Topics: Antioxidants; Ascorbic Acid; Brassica; Carotenoids; Glucosinolates; Imidoesters; Melatonin; Oximes; Phenols; Sulfoxides; Temperature

The variation of glucosinolates and quinone reductase (QR) activity in fourteen varieties of Chinese kale (Brassica oleracea var. alboglabra Bailey) was investigated in the present study. Results showed that gluconapin (GNA), instead of glucoraphanin (GRA), was the most predominant glucosinolate in all varieties, and QR activity was remarkably positively correlated with the glucoraphanin level. AOP2, a tandem 2-oxoglutarate-dependent dioxygenase, catalyzes the conversion of glucoraphanin to gluconapin in glucosinolate biosynthesis.

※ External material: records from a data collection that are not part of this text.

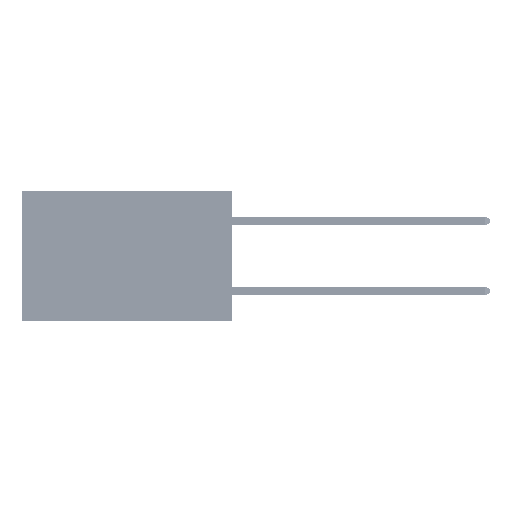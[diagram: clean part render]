
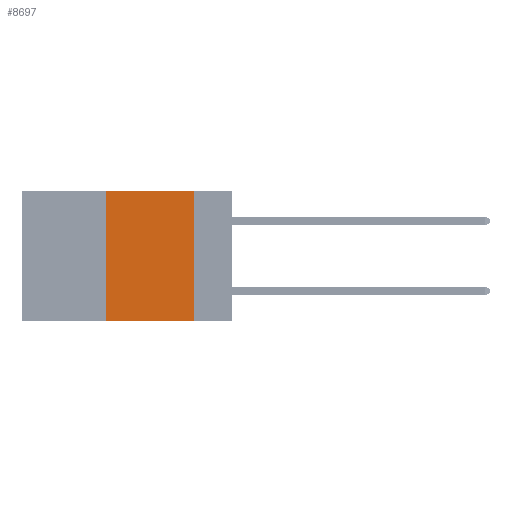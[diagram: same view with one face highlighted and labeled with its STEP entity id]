
A CAD part, left-side view. The second image highlights one B-rep face of the part: STEP entity #8697.
In plain terms, the highlighted planar face has unit normal (-1, 0, 0).
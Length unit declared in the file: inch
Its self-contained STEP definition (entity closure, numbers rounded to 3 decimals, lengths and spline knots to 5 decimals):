
#514 = CARTESIAN_POINT ( 'NONE',  ( 0., 0.11, 0. ) ) ;
#3660 = EDGE_CURVE ( 'NONE', #14707, #8718, #31193, .T. ) ;
#3722 = VECTOR ( 'NONE', #33817, 39.37008 ) ;
#5838 = CARTESIAN_POINT ( 'NONE',  ( 0., 0.6, 0. ) ) ;
#6814 = VECTOR ( 'NONE', #23734, 39.37008 ) ;
#8697 = ADVANCED_FACE ( 'NONE', ( #41738 ), #21844, .F. ) ;
#8718 = VERTEX_POINT ( 'NONE', #44380 ) ;
#9077 = CARTESIAN_POINT ( 'NONE',  ( 0., 0.11, 0. ) ) ;
#10246 = LINE ( 'NONE', #35912, #25300 ) ;
#11484 = VERTEX_POINT ( 'NONE', #26908 ) ;
#13627 = DIRECTION ( 'NONE',  ( 1., 0., 0. ) ) ;
#13884 = EDGE_CURVE ( 'NONE', #41137, #8718, #45325, .T. ) ;
#14707 = VERTEX_POINT ( 'NONE', #29026 ) ;
#15706 = EDGE_CURVE ( 'NONE', #11484, #41137, #10246, .T. ) ;
#21844 = PLANE ( 'NONE',  #47062 ) ;
#22195 = CARTESIAN_POINT ( 'NONE',  ( 0., 0.36, 0. ) ) ;
#22567 = CARTESIAN_POINT ( 'NONE',  ( 0., 0.6, -0.37 ) ) ;
#22989 = LINE ( 'NONE', #22195, #3722 ) ;
#23734 = DIRECTION ( 'NONE',  ( 0., 0., -1. ) ) ;
#23952 = VECTOR ( 'NONE', #34514, 39.37008 ) ;
#25300 = VECTOR ( 'NONE', #39784, 39.37008 ) ;
#26908 = CARTESIAN_POINT ( 'NONE',  ( 0., 0.36, 0. ) ) ;
#27323 = EDGE_LOOP ( 'NONE', ( #35809, #46005, #40710, #45387 ) ) ;
#29026 = CARTESIAN_POINT ( 'NONE',  ( 0., 0.36, -0.37 ) ) ;
#31193 = LINE ( 'NONE', #22567, #23952 ) ;
#33817 = DIRECTION ( 'NONE',  ( 0., 0., 1. ) ) ;
#34514 = DIRECTION ( 'NONE',  ( 0., -1., 0. ) ) ;
#35809 = ORIENTED_EDGE ( 'NONE', *, *, #13884, .F. ) ;
#35912 = CARTESIAN_POINT ( 'NONE',  ( 0., 0.6, 0. ) ) ;
#38183 = EDGE_CURVE ( 'NONE', #14707, #11484, #22989, .T. ) ;
#39784 = DIRECTION ( 'NONE',  ( 0., -1., 0. ) ) ;
#40493 = DIRECTION ( 'NONE',  ( 0., 0., -1. ) ) ;
#40710 = ORIENTED_EDGE ( 'NONE', *, *, #38183, .F. ) ;
#41137 = VERTEX_POINT ( 'NONE', #9077 ) ;
#41738 = FACE_OUTER_BOUND ( 'NONE', #27323, .T. ) ;
#44380 = CARTESIAN_POINT ( 'NONE',  ( 0., 0.11, -0.37 ) ) ;
#45325 = LINE ( 'NONE', #514, #6814 ) ;
#45387 = ORIENTED_EDGE ( 'NONE', *, *, #3660, .T. ) ;
#46005 = ORIENTED_EDGE ( 'NONE', *, *, #15706, .F. ) ;
#47062 = AXIS2_PLACEMENT_3D ( 'NONE', #5838, #13627, #40493 ) ;
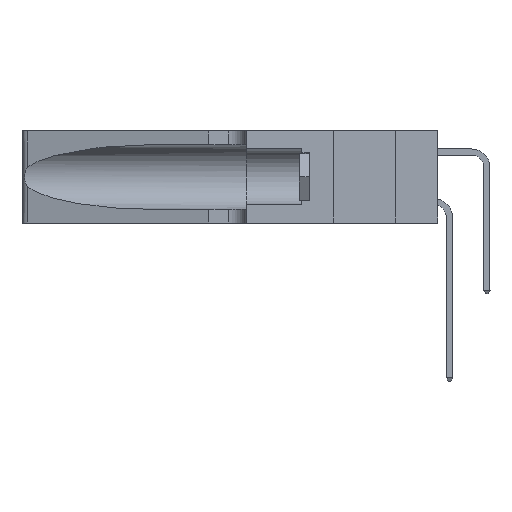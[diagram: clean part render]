
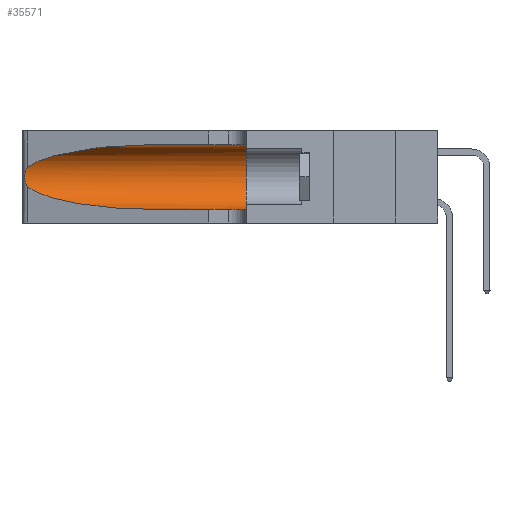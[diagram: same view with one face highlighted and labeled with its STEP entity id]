
A CAD part, left-side view. The second image highlights one B-rep face of the part: STEP entity #35571.
In plain terms, the highlighted cylindrical face has radius 3.308 mm (diameter 6.617 mm), a partial arc.
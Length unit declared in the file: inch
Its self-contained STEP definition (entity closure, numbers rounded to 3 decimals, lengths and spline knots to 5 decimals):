
#730 = EDGE_CURVE ( 'NONE', #16632, #28699, #26330, .T. ) ;
#1687 = FACE_OUTER_BOUND ( 'NONE', #13349, .T. ) ;
#1750 = CARTESIAN_POINT ( 'NONE',  ( 0.1305, 1.61858, 0.05475 ) ) ;
#2099 = EDGE_CURVE ( 'NONE', #6171, #17362, #33150, .T. ) ;
#2622 = CYLINDRICAL_SURFACE ( 'NONE', #26216, 0.13025 ) ;
#2831 = CARTESIAN_POINT ( 'NONE',  ( 0.1305, 0.72297, 0.05475 ) ) ;
#3058 = EDGE_CURVE ( 'NONE', #5764, #24877, #21496, .T. ) ;
#3498 = LINE ( 'NONE', #1750, #31470 ) ;
#4731 = CARTESIAN_POINT ( 'NONE',  ( 0.25487, 1.22718, 0.14631 ) ) ;
#5764 = VERTEX_POINT ( 'NONE', #25184 ) ;
#6028 = EDGE_CURVE ( 'NONE', #28699, #6171, #30535, .T. ) ;
#6171 = VERTEX_POINT ( 'NONE', #10240 ) ;
#6675 = EDGE_CURVE ( 'NONE', #17362, #24877, #3498, .T. ) ;
#6910 = CARTESIAN_POINT ( 'NONE',  ( 0.1305, 0.72297, 0.31525 ) ) ;
#7173 = CARTESIAN_POINT ( 'NONE',  ( 0.1305, 0.72297, 0.31525 ) ) ;
#8382 = DIRECTION ( 'NONE',  ( 0., 1., 0. ) ) ;
#8496 = ORIENTED_EDGE ( 'NONE', *, *, #2099, .T. ) ;
#9598 = CARTESIAN_POINT ( 'NONE',  ( 0.25854, 1.2359, 0.20912 ) ) ;
#10210 = CARTESIAN_POINT ( 'NONE',  ( 0.25856, 1.23593, 0.16098 ) ) ;
#10240 = CARTESIAN_POINT ( 'NONE',  ( 0.25487, 1.22718, 0.14631 ) ) ;
#10268 = CARTESIAN_POINT ( 'NONE',  ( 0.2373, 1.15595, 0.08982 ) ) ;
#10750 = CARTESIAN_POINT ( 'NONE',  ( 0.1305, 0.72297, 0.05475 ) ) ;
#10873 = CARTESIAN_POINT ( 'NONE',  ( 0.1305, 0.35, 0.185 ) ) ;
#11653 = VECTOR ( 'NONE', #34964, 39.37008 ) ;
#12340 = CARTESIAN_POINT ( 'NONE',  ( 0.26075, 1.23896, 0.19203 ) ) ;
#12510 = ORIENTED_EDGE ( 'NONE', *, *, #730, .T. ) ;
#12581 = DIRECTION ( 'NONE',  ( 0., -1., 0. ) ) ;
#12992 = CARTESIAN_POINT ( 'NONE',  ( 0.25789, 1.23486, 0.15765 ) ) ;
#13349 = EDGE_LOOP ( 'NONE', ( #12510, #22422, #8496, #18577, #32173, #28396 ) ) ;
#15381 = CARTESIAN_POINT ( 'NONE',  ( 0.25555, 1.22993, 0.14849 ) ) ;
#16559 = CARTESIAN_POINT ( 'NONE',  ( 0.1305, 0.35, 0.05475 ) ) ;
#16632 = VERTEX_POINT ( 'NONE', #6910 ) ;
#17362 = VERTEX_POINT ( 'NONE', #2831 ) ;
#18577 = ORIENTED_EDGE ( 'NONE', *, *, #6675, .T. ) ;
#18920 = CARTESIAN_POINT ( 'NONE',  ( 0.18966, 0.96281, 0.05475 ) ) ;
#20332 = EDGE_CURVE ( 'NONE', #16632, #5764, #28037, .T. ) ;
#20917 = CARTESIAN_POINT ( 'NONE',  ( 0.25639, 1.23186, 0.15144 ) ) ;
#21258 = CARTESIAN_POINT ( 'NONE',  ( 0.26017, 1.23833, 0.17102 ) ) ;
#21496 = CIRCLE ( 'NONE', #31333, 0.13025 ) ;
#22422 = ORIENTED_EDGE ( 'NONE', *, *, #6028, .T. ) ;
#23130 = DIRECTION ( 'NONE',  ( 0., 0., -1. ) ) ;
#23318 = CARTESIAN_POINT ( 'NONE',  ( 0.25639, 1.23184, 0.21858 ) ) ;
#23453 = CARTESIAN_POINT ( 'NONE',  ( 0.25555, 1.22994, 0.2215 ) ) ;
#23705 = CARTESIAN_POINT ( 'NONE',  ( 0.1305, 1.61858, 0.31525 ) ) ;
#23710 = CARTESIAN_POINT ( 'NONE',  ( 0.25487, 1.22718, 0.22369 ) ) ;
#24267 = CARTESIAN_POINT ( 'NONE',  ( 0.25487, 1.22718, 0.22369 ) ) ;
#24877 = VERTEX_POINT ( 'NONE', #16559 ) ;
#25184 = CARTESIAN_POINT ( 'NONE',  ( 0.1305, 0.35, 0.31525 ) ) ;
#26083 = CARTESIAN_POINT ( 'NONE',  ( 0.25787, 1.23484, 0.2124 ) ) ;
#26216 = AXIS2_PLACEMENT_3D ( 'NONE', #31802, #28913, #23130 ) ;
#26330 =( BOUNDED_CURVE ( )  B_SPLINE_CURVE ( 3, ( #7173, #26407, #31920, #34906 ),
 .UNSPECIFIED., .F., .T. ) 
 B_SPLINE_CURVE_WITH_KNOTS ( ( 4, 4 ),
 ( 1.5708, 2.84003 ),
 .UNSPECIFIED. ) 
 CURVE ( )  GEOMETRIC_REPRESENTATION_ITEM ( )  RATIONAL_B_SPLINE_CURVE ( ( 1., 0.87, 0.87, 1. ) ) 
 REPRESENTATION_ITEM ( '' )  );
#26407 = CARTESIAN_POINT ( 'NONE',  ( 0.18966, 0.96281, 0.31525 ) ) ;
#27593 = DIRECTION ( 'NONE',  ( 0., 0., 1. ) ) ;
#28037 = LINE ( 'NONE', #23705, #11653 ) ;
#28396 = ORIENTED_EDGE ( 'NONE', *, *, #20332, .F. ) ;
#28699 = VERTEX_POINT ( 'NONE', #24267 ) ;
#28834 = CARTESIAN_POINT ( 'NONE',  ( 0.26018, 1.23835, 0.19895 ) ) ;
#28913 = DIRECTION ( 'NONE',  ( 0., -1., 0. ) ) ;
#30535 = B_SPLINE_CURVE_WITH_KNOTS ( 'NONE', 3,
 ( #23710, #23453, #23318, #26083, #9598, #28834, #12340, #34342, #21258, #10210, #12992, #20917, #15381, #32211 ),
 .UNSPECIFIED., .F., .F.,
 ( 4, 2, 2, 2, 2, 2, 4 ),
 ( 0., 0.00027, 0.00053, 0.00107, 0.0016, 0.00187, 0.00214 ),
 .UNSPECIFIED. ) ;
#31333 = AXIS2_PLACEMENT_3D ( 'NONE', #10873, #8382, #27593 ) ;
#31470 = VECTOR ( 'NONE', #12581, 39.37008 ) ;
#31802 = CARTESIAN_POINT ( 'NONE',  ( 0.1305, 1.61858, 0.185 ) ) ;
#31920 = CARTESIAN_POINT ( 'NONE',  ( 0.2373, 1.15595, 0.28018 ) ) ;
#32173 = ORIENTED_EDGE ( 'NONE', *, *, #3058, .F. ) ;
#32211 = CARTESIAN_POINT ( 'NONE',  ( 0.25487, 1.22718, 0.14631 ) ) ;
#33150 =( BOUNDED_CURVE ( )  B_SPLINE_CURVE ( 3, ( #4731, #10268, #18920, #10750 ),
 .UNSPECIFIED., .F., .T. ) 
 B_SPLINE_CURVE_WITH_KNOTS ( ( 4, 4 ),
 ( 3.44316, 4.71239 ),
 .UNSPECIFIED. ) 
 CURVE ( )  GEOMETRIC_REPRESENTATION_ITEM ( )  RATIONAL_B_SPLINE_CURVE ( ( 1., 0.87, 0.87, 1. ) ) 
 REPRESENTATION_ITEM ( '' )  );
#34342 = CARTESIAN_POINT ( 'NONE',  ( 0.26075, 1.23896, 0.178 ) ) ;
#34906 = CARTESIAN_POINT ( 'NONE',  ( 0.25487, 1.22718, 0.22369 ) ) ;
#34964 = DIRECTION ( 'NONE',  ( 0., -1., 0. ) ) ;
#35571 = ADVANCED_FACE ( 'NONE', ( #1687 ), #2622, .F. ) ;
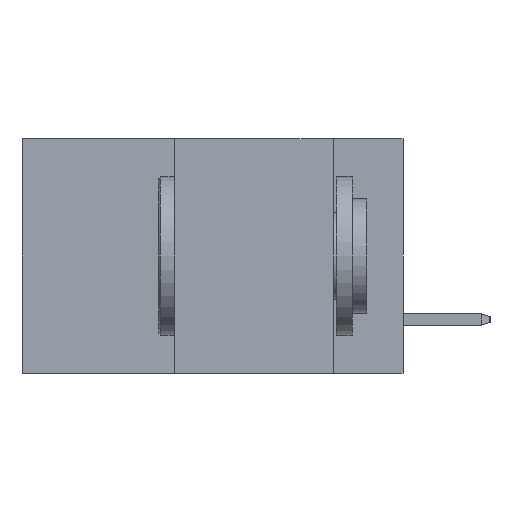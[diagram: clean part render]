
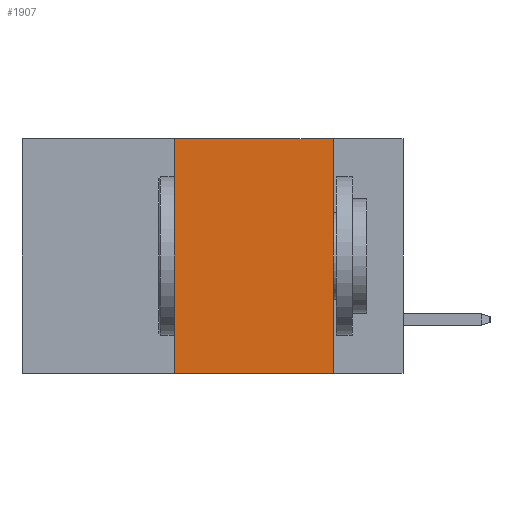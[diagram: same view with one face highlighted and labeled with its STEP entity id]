
A CAD part, left-side view. The second image highlights one B-rep face of the part: STEP entity #1907.
In plain terms, the highlighted planar face has unit normal (-1, 0, 0).
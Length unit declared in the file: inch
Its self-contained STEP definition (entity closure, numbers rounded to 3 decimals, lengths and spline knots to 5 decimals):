
#669 = CARTESIAN_POINT ( 'NONE',  ( 0., 0.6, 0. ) ) ;
#949 = CARTESIAN_POINT ( 'NONE',  ( 0., 0.6, -0.37 ) ) ;
#1283 = VERTEX_POINT ( 'NONE', #12818 ) ;
#1818 = ORIENTED_EDGE ( 'NONE', *, *, #6960, .F. ) ;
#1907 = ADVANCED_FACE ( 'NONE', ( #7552 ), #6570, .F. ) ;
#2289 = EDGE_CURVE ( 'NONE', #3868, #1283, #13406, .T. ) ;
#2353 = VECTOR ( 'NONE', #13843, 39.37008 ) ;
#2681 = CARTESIAN_POINT ( 'NONE',  ( 0., 0.36, -0.37 ) ) ;
#2972 = VERTEX_POINT ( 'NONE', #12519 ) ;
#3302 = VECTOR ( 'NONE', #15804, 39.37008 ) ;
#3868 = VERTEX_POINT ( 'NONE', #11828 ) ;
#5386 = CARTESIAN_POINT ( 'NONE',  ( 0., 0.36, 0. ) ) ;
#5465 = DIRECTION ( 'NONE',  ( 0., 0., 1. ) ) ;
#6570 = PLANE ( 'NONE',  #14501 ) ;
#6960 = EDGE_CURVE ( 'NONE', #9776, #3868, #8865, .T. ) ;
#7505 = EDGE_LOOP ( 'NONE', ( #13357, #12999, #1818, #11914 ) ) ;
#7552 = FACE_OUTER_BOUND ( 'NONE', #7505, .T. ) ;
#8865 = LINE ( 'NONE', #5386, #10763 ) ;
#9013 = CARTESIAN_POINT ( 'NONE',  ( 0., 0.11, 0. ) ) ;
#9429 = LINE ( 'NONE', #949, #15692 ) ;
#9776 = VERTEX_POINT ( 'NONE', #2681 ) ;
#9912 = CARTESIAN_POINT ( 'NONE',  ( 0., 0.6, 0. ) ) ;
#10469 = DIRECTION ( 'NONE',  ( 0., -1., 0. ) ) ;
#10582 = DIRECTION ( 'NONE',  ( 0., 0., -1. ) ) ;
#10763 = VECTOR ( 'NONE', #5465, 39.37008 ) ;
#11324 = EDGE_CURVE ( 'NONE', #1283, #2972, #15148, .T. ) ;
#11828 = CARTESIAN_POINT ( 'NONE',  ( 0., 0.36, 0. ) ) ;
#11914 = ORIENTED_EDGE ( 'NONE', *, *, #13651, .T. ) ;
#12519 = CARTESIAN_POINT ( 'NONE',  ( 0., 0.11, -0.37 ) ) ;
#12818 = CARTESIAN_POINT ( 'NONE',  ( 0., 0.11, 0. ) ) ;
#12999 = ORIENTED_EDGE ( 'NONE', *, *, #2289, .F. ) ;
#13357 = ORIENTED_EDGE ( 'NONE', *, *, #11324, .F. ) ;
#13406 = LINE ( 'NONE', #9912, #3302 ) ;
#13651 = EDGE_CURVE ( 'NONE', #9776, #2972, #9429, .T. ) ;
#13843 = DIRECTION ( 'NONE',  ( 0., 0., -1. ) ) ;
#14501 = AXIS2_PLACEMENT_3D ( 'NONE', #669, #15378, #10582 ) ;
#15148 = LINE ( 'NONE', #9013, #2353 ) ;
#15378 = DIRECTION ( 'NONE',  ( 1., 0., 0. ) ) ;
#15692 = VECTOR ( 'NONE', #10469, 39.37008 ) ;
#15804 = DIRECTION ( 'NONE',  ( 0., -1., 0. ) ) ;

Here, antisense AOP2 was transformed into Gailan-04, the variety with the highest gluconapin content and ratio of GNA/GRA. The glucoraphanin content and corresponding QR activity were notably increased in transgenic plants, while no significant difference at the level of other main nutritional compounds (total phenolics, vitamin C, carotenoids and chlorophyll) was observed between the transgenic lines and the wide-type plants. Taken together, metabolic engineering is a good practice for improvement of glucoraphanin in Chinese kale.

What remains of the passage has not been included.